Raising the scenario of defeat in the planned 2014 referendum for the first time, Bruce Crawford, the SNP’s cabinet secretary for government strategy, predicted the country could expect no let-up in the doubts over its future if it voted “no” to independence, given the lack of clarity from pro-Union parties.
Addressing a Scotsman conference on the referendum, Mr Crawford claimed his opponents’ failure to set out what form of boosted devolution they backed prior to a referendum was “profoundly undemocratic”. They had a responsibility to set out clearly what their plans for reform would be, or face the risk of not being taken seriously, he said.
Raising the prospect of a no vote for the first time, Mr Crawford said: “If we lose the referendum – and I don’t think we will – but if we lose, the question is what powers are we getting? VAT? Oil taxes? Welfare? Right now, the Unionists can’t answer that question. The uncertainty lies with those who oppose our proposals on independence.”
In the strongest indication yet that the SNP is set to include a second question in the referendum on beefed-up devolution, Mr Crawford warned all politicians would be playing “fast and loose” with voters if they did not include a third way on the ballot paper if a “groundswell” of support for such a model was found.
“It is simply unacceptable to go into a referendum on the greatest question our nation has faced in over 300 years without telling the people what they are voting for. ‘Only when you vote No can we work what happens next’ is the only position the pro-Union parties seem to share. This proposition is everything our referendum must not be. It is unfair to the people… it is profoundly undemocratic,” he said.

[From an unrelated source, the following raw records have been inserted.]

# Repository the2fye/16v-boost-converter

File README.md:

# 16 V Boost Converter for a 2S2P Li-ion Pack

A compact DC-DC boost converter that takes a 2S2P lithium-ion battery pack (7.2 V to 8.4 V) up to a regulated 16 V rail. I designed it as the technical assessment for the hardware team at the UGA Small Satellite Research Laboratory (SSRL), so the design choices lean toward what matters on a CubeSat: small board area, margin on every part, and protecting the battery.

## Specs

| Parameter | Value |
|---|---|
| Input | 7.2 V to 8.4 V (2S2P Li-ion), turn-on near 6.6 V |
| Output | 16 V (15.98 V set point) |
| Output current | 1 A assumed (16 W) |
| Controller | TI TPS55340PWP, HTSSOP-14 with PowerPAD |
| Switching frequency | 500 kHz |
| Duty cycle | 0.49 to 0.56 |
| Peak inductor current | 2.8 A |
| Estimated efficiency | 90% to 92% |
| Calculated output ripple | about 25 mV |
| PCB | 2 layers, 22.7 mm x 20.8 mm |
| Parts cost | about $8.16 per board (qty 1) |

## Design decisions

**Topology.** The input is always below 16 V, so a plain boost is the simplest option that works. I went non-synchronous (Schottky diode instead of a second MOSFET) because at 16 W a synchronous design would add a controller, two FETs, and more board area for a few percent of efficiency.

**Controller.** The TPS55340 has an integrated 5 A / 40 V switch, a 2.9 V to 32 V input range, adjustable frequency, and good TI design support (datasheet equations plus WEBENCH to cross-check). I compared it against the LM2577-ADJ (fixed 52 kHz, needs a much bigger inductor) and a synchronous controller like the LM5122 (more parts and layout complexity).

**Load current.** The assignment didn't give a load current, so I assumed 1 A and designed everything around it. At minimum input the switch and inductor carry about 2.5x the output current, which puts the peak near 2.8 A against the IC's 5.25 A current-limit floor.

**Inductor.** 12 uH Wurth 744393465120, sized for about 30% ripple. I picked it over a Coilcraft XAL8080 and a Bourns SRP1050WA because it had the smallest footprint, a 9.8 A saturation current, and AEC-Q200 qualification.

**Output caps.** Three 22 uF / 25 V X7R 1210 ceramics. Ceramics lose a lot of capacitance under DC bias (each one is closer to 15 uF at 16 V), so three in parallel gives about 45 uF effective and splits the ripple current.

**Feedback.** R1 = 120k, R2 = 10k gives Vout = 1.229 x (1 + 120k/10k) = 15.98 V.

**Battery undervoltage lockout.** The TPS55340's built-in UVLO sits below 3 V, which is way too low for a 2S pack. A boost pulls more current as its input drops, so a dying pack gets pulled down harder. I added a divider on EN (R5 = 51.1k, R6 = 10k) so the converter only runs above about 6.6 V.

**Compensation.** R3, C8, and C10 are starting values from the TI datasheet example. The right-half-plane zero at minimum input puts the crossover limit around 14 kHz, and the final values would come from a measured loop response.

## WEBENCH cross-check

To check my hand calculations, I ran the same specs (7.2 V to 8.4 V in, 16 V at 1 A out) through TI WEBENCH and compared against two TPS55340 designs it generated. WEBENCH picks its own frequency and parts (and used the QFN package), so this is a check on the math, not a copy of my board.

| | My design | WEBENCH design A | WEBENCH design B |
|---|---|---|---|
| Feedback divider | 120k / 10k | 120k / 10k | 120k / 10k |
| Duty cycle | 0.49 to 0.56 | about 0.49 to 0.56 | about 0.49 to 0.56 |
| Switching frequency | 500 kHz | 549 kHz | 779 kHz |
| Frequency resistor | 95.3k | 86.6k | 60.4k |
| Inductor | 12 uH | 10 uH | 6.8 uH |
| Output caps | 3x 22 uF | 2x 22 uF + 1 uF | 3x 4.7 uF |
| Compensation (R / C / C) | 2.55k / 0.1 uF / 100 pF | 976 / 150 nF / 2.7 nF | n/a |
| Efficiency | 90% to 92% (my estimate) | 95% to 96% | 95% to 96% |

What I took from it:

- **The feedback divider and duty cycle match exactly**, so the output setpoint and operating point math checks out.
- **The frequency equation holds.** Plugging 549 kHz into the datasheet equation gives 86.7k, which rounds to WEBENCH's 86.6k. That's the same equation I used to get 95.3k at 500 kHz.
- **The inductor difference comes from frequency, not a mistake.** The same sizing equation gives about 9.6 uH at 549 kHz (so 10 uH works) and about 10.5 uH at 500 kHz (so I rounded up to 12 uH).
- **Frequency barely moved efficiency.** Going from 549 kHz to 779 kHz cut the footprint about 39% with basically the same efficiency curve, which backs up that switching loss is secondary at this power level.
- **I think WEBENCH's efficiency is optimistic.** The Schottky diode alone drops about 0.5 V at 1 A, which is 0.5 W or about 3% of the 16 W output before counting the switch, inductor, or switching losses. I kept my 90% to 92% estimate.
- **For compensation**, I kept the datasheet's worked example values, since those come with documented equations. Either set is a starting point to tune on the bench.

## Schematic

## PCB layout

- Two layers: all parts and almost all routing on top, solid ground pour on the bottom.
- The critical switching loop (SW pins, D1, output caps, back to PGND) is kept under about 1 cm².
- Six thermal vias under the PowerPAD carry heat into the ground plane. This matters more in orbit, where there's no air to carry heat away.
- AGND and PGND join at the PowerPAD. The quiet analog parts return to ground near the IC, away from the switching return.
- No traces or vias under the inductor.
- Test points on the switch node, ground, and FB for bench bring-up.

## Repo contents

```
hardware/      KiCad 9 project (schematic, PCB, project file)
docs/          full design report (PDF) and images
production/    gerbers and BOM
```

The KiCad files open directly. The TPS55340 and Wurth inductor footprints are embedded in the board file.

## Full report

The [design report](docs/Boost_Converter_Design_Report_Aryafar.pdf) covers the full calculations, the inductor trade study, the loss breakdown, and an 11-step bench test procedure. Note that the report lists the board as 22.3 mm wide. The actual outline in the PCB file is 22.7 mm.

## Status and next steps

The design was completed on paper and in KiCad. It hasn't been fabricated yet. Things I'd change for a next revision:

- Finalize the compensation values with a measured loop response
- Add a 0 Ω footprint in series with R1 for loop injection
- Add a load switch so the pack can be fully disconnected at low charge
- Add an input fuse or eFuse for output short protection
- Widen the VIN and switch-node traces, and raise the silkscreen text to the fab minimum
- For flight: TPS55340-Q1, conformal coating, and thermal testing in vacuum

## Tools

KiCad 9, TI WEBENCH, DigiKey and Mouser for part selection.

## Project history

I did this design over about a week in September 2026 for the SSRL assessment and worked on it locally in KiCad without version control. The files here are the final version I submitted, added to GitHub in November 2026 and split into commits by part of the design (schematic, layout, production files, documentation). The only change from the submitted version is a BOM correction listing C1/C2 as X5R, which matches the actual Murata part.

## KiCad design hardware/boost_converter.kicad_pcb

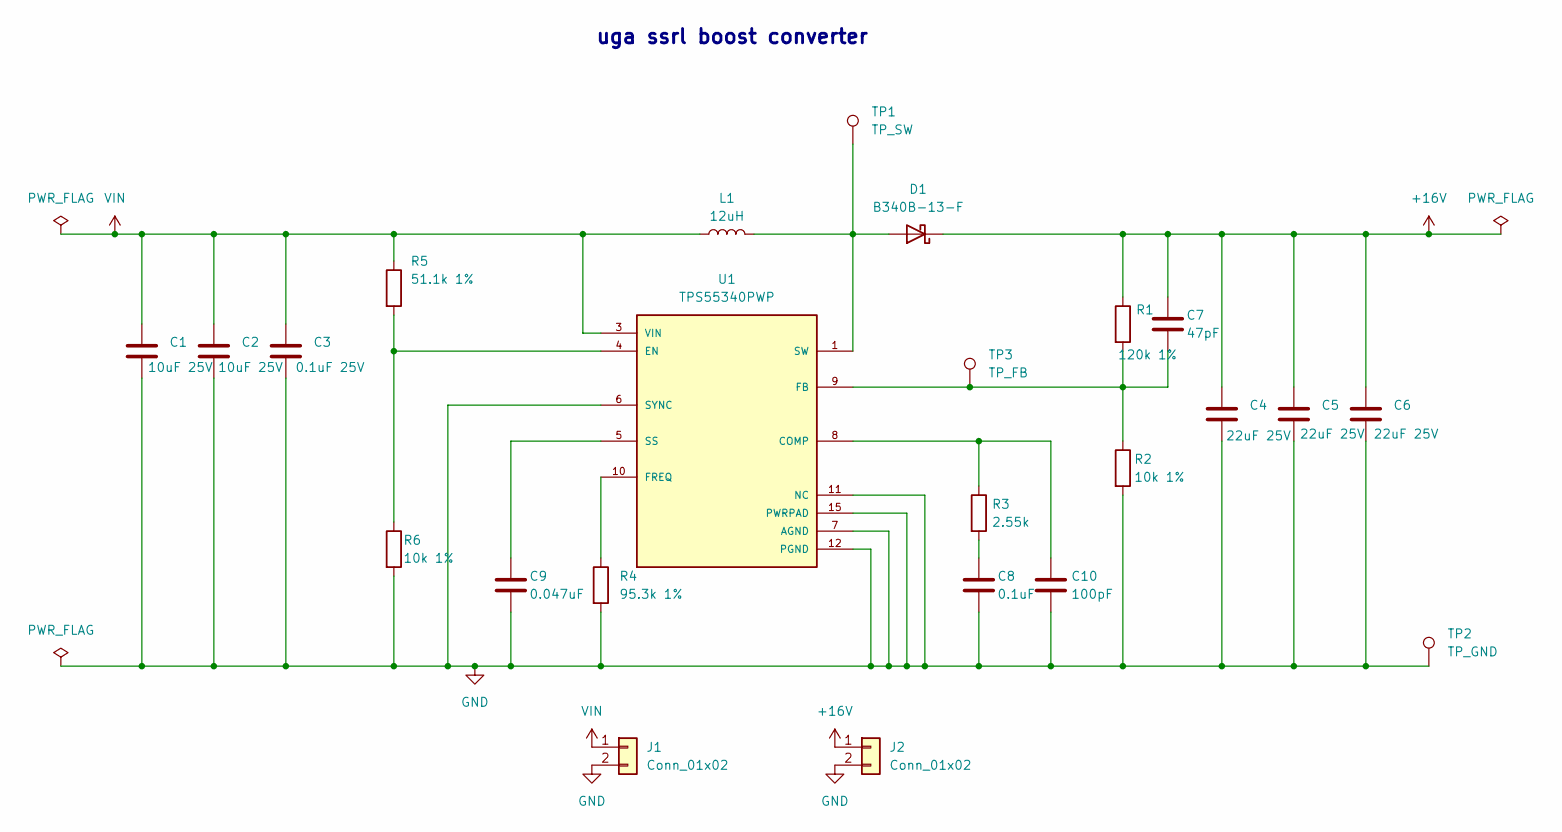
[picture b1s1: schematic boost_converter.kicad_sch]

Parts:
C1, C2: 10uF 25V; C_0805_2012Metric; MPN Murata GRM21BR61E106KA73L
C3: 0.1uF 25V; C_0603_1608Metric; MPN Murata GRM188R71E104KA01D
C4, C5, C6: 22uF 25V; C_1210_3225Metric; MPN Murata GRM32ER71E226KE15L
C7: 47pF; C_0603_1608Metric; MPN Murata GRM1885C1H470JA01D
C8: 0.1uF; C_0603_1608Metric; MPN Murata GRM188R71H104KA93D
C9: 0.047uF; C_0603_1608Metric; MPN Murata GRM188R71H473KA61D
C10: 100pF; C_0603_1608Metric; MPN Murata GRM1885C1H101JA01D
D1: B340B-13-F; D_SMB; MPN Diodes Inc. B340B-13-F
J1, J2: Conn_01x02; PinHeader_1x02_P2.54mm_Vertical; MPN Würth 61300211121
L1: 12uH; 744393465120; MPN Würth 744393465120
R1: 120k 1%; R_0603_1608Metric; MPN Yageo RC0603FR-07120KL
R2, R6: 10k 1%; R_0603_1608Metric; MPN Yageo RC0603FR-0710KL
R3: 2.55k; R_0603_1608Metric; MPN Yageo RC0603FR-072K55L
R4: 95.3k 1%; R_0603_1608Metric; MPN Yageo RC0603FR-0795K3L
R5: 51.1k 1%; R_0603_1608Metric; MPN Yageo RC0603FR-0751K1L
TP1: TP_SW; TestPoint_Pad_1.5x1.5mm
TP2: TP_GND; TestPoint_Pad_1.5x1.5mm
TP3: TP_FB; TestPoint_Pad_1.5x1.5mm
U1: TPS55340PWP; IC_TPS55340PWP; PARTREV E

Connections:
+16V: C4.1, C5.1, C6.1, C7.1, D1.1 (K), J2.1, R1.1
GND: C1.2, C2.2, C3.2, C4.2, C5.2, C6.2, C8.2, C9.2, C10.2, J1.2, J2.2, R2.2, R4.2, R6.2, TP2.1, U1.6 (SYNC), U1.7 (AGND), U1.11 (NC), U1.12 (PGND), U1.13 (PGND), U1.14 (PGND), U1.15 (PWRPAD), U1.16 (PWRPAD), U1.17 (PWRPAD), U1.18 (PWRPAD), U1.19 (PWRPAD), U1.20 (PWRPAD), U1.21 (PWRPAD)
unnamed: C8.1, R3.2
unnamed: D1.2 (A), L1.2, TP1.1, U1.1 (SW), U1.2 (SW)
unnamed: C10.1, R3.1, U1.8 (COMP)
unnamed: R5.2, R6.1, U1.4 (EN)
unnamed: C7.2, R1.2, R2.1, TP3.1, U1.9 (FB)
unnamed: R4.1, U1.10 (FREQ)
unnamed: C9.1, U1.5 (SS)
VIN: C1.1, C2.1, C3.1, J1.1, L1.1, R5.1, U1.3 (VIN)

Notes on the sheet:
uga ssrl boost converter

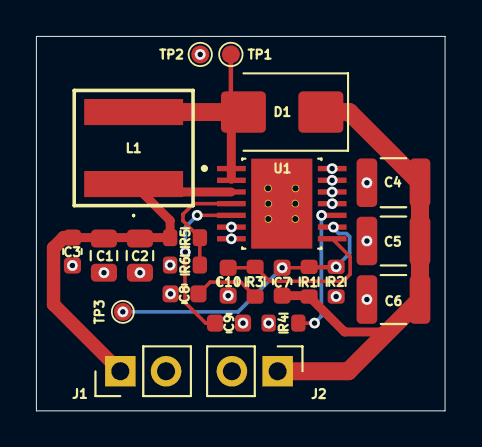
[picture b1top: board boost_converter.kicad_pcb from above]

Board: 2 copper layers, 22.7 x 20.8 mm, 24 parts (0 on the bottom side), 10 nets.

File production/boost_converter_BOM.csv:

Item,Qty,Reference(s),Value,Description,Manufacturer,Mfr Part Number,Footprint / Package,Unit Price (USD),Ext. Price (USD),Notes
1,2,"C1, C2",10uF 25V,"MLCC, 10 uF, 25 V, X5R",Murata,GRM21BR61E106KA73L,0805 (2012 metric),$0.12,$0.24,Input bulk
2,1,C3,0.1uF 25V,"MLCC, 0.1 uF, 25 V, X7R",Murata,GRM188R71E104KA01D,0603 (1608 metric),$0.03,$0.03,Input HF bypass
3,3,"C4, C5, C6",22uF 25V,"MLCC, 22 uF, 25 V, X7R",Murata,GRM32ER71E226KE15L,1210 (3225 metric),$0.40,$1.20,Output caps
4,1,C7,47pF,"MLCC, 47 pF, 50 V, C0G/NP0",Murata,GRM1885C1H470JA01D,0603 (1608 metric),$0.03,$0.03,FB feedforward
5,1,C8,0.1uF,"MLCC, 0.1 uF, 50 V, X7R",Murata,GRM188R71H104KA93D,0603 (1608 metric),$0.03,$0.03,COMP
6,1,C9,0.047uF,"MLCC, 0.047 uF, 50 V, X7R",Murata,GRM188R71H473KA61D,0603 (1608 metric),$0.03,$0.03,Soft-start
7,1,C10,100pF,"MLCC, 100 pF, 50 V, C0G/NP0",Murata,GRM1885C1H101JA01D,0603 (1608 metric),$0.03,$0.03,COMP
8,1,D1,B340B-13-F,"Schottky diode, 40 V, 3 A",Diodes Inc.,B340B-13-F,SMB (DO-214AA),$0.55,$0.55,Rectifier
9,2,"J1, J2",Conn 1x02,"Pin header, 2 pin, 2.54 mm",Wurth,61300211121,1x02 THT 2.54mm,$0.11,$0.22,Input / Output
10,1,L1,12uH,"Power inductor, 12 uH, shielded",Wurth,744393465120,L-Code SMD,$2.38,$2.38,Verified (Mouser)
11,1,R1,120k 1%,"Thick film resistor, 120 k, 1%",Yageo,RC0603FR-07120KL,0603 (1608 metric),$0.02,$0.02,FB top
12,2,"R2, R6",10k 1%,"Thick film resistor, 10 k, 1%",Yageo,RC0603FR-0710KL,0603 (1608 metric),$0.02,$0.04,FB bottom / EN
13,1,R3,2.55k 1%,"Thick film resistor, 2.55 k, 1%",Yageo,RC0603FR-072K55L,0603 (1608 metric),$0.02,$0.02,COMP
14,1,R4,95.3k 1%,"Thick film resistor, 95.3 k, 1%",Yageo,RC0603FR-0795K3L,0603 (1608 metric),$0.02,$0.02,FREQ (500 kHz)
15,1,R5,51.1k 1%,"Thick film resistor, 51.1 k, 1%",Yageo,RC0603FR-0751K1L,0603 (1608 metric),$0.02,$0.02,EN UVLO
16,1,TP1,TP_SW,"Test point, bare Cu pad",-,(PCB feature),1.0 mm pad,$0.00,$0.00,Switch node probe
17,1,TP2,TP_GND,"Test point, bare Cu pad",-,(PCB feature),1.0 mm pad,$0.00,$0.00,Ground reference
18,1,TP3,TP_FB,"Test point, bare Cu pad",-,(PCB feature),1.0 mm pad,$0.00,$0.00,Feedback probe
19,1,U1,TPS55340PWP,"Boost/SEPIC/flyback regulator, 5 A",Texas Instruments,TPS55340PWP,HTSSOP-14 (PowerPAD),$3.30,$3.30,Verified (DigiKey)
Totals,24,,,,,,,Total,$8.16,

However, Mr Crawford’s claim that his opponents were creating uncertainty was undermined by a report by the Business for New Europe group which concluded that Scotland’s status as an EU nation, post independence, remained “unclear”.
It warned Scotland could be asked to reapply as a new accession state, and forced to negotiate anew with Brussels on its status.
Mr Crawford’s comments came in a major conference at The Scotsman yesterday, entitled “A Question of Independence: How will the referendum work?”, which also heard from legal, constitutional and political experts on the way the historic vote will be conducted.
It comes as the Scottish and UK governments are locked in talks over the arrangements for the poll. Mr Crawford confirmed the SNP’s view yesterday that, in order to ask its preferred question, it would require a transfer of powers from Westminster to Holyrood so it could enact the legislation for a referendum.
However, the two governments have not agreed about the timing, the wording or the franchise of the vote.
In his speech, Scottish Secretary Michael Moore said he was “perplexed” as to why the SNP continued to complicate the referendum with the possibility of a second question, given its backing for independence.
He said: “The Scottish Government wants independence. So why are they trying to confuse the issue with a second question on devolution?”
He added: “We are making an open and generous offer. The straightforward independence referendum that has been the First Minister’s mission in life. But it’s being met with complication, hesitation, and qualification. For whatever reasons the Scottish Government is placing barriers on what should be a clear and straight road.”
Mr Moore said his party, the Liberal Democrats, had set up a home rule commission, to report back this autumn, on how to advance devolution. This, he said, would provide clarity from his party’s perspective on what powers it wanted at Holyrood.
Labour has set up its own commission to examine the case, but both it and the Conservatives have yet to reach a common view on whether powers at Holyrood should be increased.
All three pro-Union parties argue that, in any case, the issue can only be addressed once Scotland has decided whether or not to stay in the UK or not. Christine O’Neill, head of public law and regulatory at Brodies LLP, said she expected a deal to be done between the UK and Scottish Governments on sorting out the legality of the poll, saying it would be in neither party’s interests to allow it go to the courts.
Going to the courts would “raise problems for everyone” she said. Whatever the legal niceties of the referendum, the “politics is always going to be more important”. Ms O’Neill said that if the courts did get involved, the decision would rest with the Supreme Court.
The conference also heard from senior lecturer Dr Ailsa Henderson, of the University of Edinburgh’s School of Political Science, who provided evidence from the referenda in Quebec where, she said, the uncertainty around the poll had created negative economic consequences.
Alan Trench, a constitutional expert with University College London, said the rest of the UK was “waking up” to the independence debate. If Scotland became independent, or even if it adopted “devo max”, he said there would need to be new arrangements to deal with the likely consequences.
He also warned Scotland needed to ensure the debate was conducted without rancour, or risk losing friends in England.